_Requirement_.
In the listing that follows, locate the line containing "#98=EDGE_LOOP('',(#97));" and the line containing "#111=FACE_BOUND('',#110,.T.);". Retype exactly those two lines and every line between them, and nothing more.

_Input data_.
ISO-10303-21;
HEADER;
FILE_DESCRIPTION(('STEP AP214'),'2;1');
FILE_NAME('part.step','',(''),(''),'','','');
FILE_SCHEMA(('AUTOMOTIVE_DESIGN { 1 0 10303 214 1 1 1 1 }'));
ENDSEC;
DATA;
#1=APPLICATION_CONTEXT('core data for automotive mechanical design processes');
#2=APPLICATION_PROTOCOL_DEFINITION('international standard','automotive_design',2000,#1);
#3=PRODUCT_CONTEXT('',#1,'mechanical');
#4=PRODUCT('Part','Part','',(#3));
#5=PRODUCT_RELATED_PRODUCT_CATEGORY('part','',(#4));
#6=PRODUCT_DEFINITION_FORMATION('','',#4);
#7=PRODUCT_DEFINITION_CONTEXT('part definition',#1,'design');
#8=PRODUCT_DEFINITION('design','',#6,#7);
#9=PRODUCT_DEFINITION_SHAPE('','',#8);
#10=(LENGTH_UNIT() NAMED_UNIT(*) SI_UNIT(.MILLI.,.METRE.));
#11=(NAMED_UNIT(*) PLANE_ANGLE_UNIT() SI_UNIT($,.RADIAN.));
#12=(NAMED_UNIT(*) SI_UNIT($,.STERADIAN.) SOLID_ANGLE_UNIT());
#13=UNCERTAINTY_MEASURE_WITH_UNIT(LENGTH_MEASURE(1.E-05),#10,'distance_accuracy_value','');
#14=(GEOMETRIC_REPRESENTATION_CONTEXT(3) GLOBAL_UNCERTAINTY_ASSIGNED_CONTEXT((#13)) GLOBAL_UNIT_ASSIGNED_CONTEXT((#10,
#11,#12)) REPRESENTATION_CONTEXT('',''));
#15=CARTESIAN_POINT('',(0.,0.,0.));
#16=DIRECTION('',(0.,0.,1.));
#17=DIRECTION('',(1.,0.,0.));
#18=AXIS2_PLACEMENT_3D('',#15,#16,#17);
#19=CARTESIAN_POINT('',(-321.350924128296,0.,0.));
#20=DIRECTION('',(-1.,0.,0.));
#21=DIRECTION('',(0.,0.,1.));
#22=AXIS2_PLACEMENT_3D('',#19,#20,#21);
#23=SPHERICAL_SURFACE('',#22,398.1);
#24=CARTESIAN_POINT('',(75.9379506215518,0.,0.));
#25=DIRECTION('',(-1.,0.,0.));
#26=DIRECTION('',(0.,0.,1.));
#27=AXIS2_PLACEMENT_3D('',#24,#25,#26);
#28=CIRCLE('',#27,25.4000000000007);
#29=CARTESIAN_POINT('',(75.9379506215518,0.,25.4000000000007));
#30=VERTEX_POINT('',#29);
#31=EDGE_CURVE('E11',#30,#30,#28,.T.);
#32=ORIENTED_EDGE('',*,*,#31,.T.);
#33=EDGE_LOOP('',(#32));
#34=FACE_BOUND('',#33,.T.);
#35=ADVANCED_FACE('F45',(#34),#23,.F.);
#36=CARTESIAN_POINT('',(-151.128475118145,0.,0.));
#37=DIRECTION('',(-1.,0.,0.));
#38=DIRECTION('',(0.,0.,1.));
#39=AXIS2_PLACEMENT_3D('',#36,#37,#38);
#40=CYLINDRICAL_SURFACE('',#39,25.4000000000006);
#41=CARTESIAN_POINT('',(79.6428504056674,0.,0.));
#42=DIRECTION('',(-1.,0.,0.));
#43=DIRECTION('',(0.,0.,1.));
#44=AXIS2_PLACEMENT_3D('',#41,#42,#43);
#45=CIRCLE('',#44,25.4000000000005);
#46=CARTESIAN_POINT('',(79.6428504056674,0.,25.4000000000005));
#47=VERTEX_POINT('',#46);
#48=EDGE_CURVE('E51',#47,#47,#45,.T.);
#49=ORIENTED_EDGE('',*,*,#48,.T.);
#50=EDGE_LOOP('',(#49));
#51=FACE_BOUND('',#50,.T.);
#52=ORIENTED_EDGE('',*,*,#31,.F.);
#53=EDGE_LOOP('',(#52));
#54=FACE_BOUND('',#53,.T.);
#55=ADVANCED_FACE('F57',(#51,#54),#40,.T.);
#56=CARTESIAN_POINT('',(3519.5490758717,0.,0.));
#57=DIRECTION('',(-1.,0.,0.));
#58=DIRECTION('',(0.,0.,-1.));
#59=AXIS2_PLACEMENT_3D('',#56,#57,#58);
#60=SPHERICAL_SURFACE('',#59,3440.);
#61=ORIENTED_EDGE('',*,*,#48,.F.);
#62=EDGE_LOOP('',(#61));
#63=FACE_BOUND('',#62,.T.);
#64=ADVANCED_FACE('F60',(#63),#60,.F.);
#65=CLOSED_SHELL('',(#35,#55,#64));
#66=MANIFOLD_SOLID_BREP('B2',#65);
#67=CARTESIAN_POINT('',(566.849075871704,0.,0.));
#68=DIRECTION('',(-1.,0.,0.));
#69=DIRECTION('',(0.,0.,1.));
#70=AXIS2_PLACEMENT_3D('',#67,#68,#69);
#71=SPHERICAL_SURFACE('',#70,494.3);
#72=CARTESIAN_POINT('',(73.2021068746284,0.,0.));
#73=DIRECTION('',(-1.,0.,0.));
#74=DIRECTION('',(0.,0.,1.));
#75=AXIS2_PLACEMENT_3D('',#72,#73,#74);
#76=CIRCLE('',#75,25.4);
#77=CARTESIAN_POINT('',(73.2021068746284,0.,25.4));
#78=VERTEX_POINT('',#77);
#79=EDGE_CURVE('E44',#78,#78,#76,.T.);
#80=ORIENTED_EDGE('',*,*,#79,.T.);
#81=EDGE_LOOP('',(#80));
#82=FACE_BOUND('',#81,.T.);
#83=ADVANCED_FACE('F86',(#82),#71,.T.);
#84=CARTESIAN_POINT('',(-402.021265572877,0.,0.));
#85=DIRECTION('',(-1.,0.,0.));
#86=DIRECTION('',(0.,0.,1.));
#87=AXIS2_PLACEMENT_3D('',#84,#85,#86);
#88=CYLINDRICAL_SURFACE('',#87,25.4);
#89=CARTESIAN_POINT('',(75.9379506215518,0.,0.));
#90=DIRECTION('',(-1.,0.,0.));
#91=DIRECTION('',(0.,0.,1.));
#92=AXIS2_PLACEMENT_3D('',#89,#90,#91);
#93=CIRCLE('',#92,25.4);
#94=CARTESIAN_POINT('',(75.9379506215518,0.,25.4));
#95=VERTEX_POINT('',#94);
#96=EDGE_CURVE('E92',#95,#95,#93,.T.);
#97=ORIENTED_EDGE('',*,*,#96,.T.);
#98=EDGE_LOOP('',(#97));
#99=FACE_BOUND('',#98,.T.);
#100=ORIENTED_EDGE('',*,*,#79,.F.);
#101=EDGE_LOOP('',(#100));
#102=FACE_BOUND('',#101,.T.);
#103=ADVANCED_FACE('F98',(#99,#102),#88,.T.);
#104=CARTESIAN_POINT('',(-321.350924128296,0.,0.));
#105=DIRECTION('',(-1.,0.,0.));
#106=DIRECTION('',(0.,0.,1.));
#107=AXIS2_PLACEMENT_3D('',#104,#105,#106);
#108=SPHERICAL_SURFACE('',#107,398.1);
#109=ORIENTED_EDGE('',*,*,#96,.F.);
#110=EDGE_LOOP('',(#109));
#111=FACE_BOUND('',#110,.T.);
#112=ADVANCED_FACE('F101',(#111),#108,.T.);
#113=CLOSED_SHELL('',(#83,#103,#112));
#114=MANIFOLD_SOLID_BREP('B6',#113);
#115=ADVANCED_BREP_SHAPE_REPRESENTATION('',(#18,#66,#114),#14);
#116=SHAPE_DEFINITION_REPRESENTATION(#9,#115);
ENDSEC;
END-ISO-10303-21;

_Result of this task_.
#98=EDGE_LOOP('',(#97));
#99=FACE_BOUND('',#98,.T.);
#100=ORIENTED_EDGE('',*,*,#79,.F.);
#101=EDGE_LOOP('',(#100));
#102=FACE_BOUND('',#101,.T.);
#103=ADVANCED_FACE('F98',(#99,#102),#88,.T.);
#104=CARTESIAN_POINT('',(-321.350924128296,0.,0.));
#105=DIRECTION('',(-1.,0.,0.));
#106=DIRECTION('',(0.,0.,1.));
#107=AXIS2_PLACEMENT_3D('',#104,#105,#106);
#108=SPHERICAL_SURFACE('',#107,398.1);
#109=ORIENTED_EDGE('',*,*,#96,.F.);
#110=EDGE_LOOP('',(#109));
#111=FACE_BOUND('',#110,.T.);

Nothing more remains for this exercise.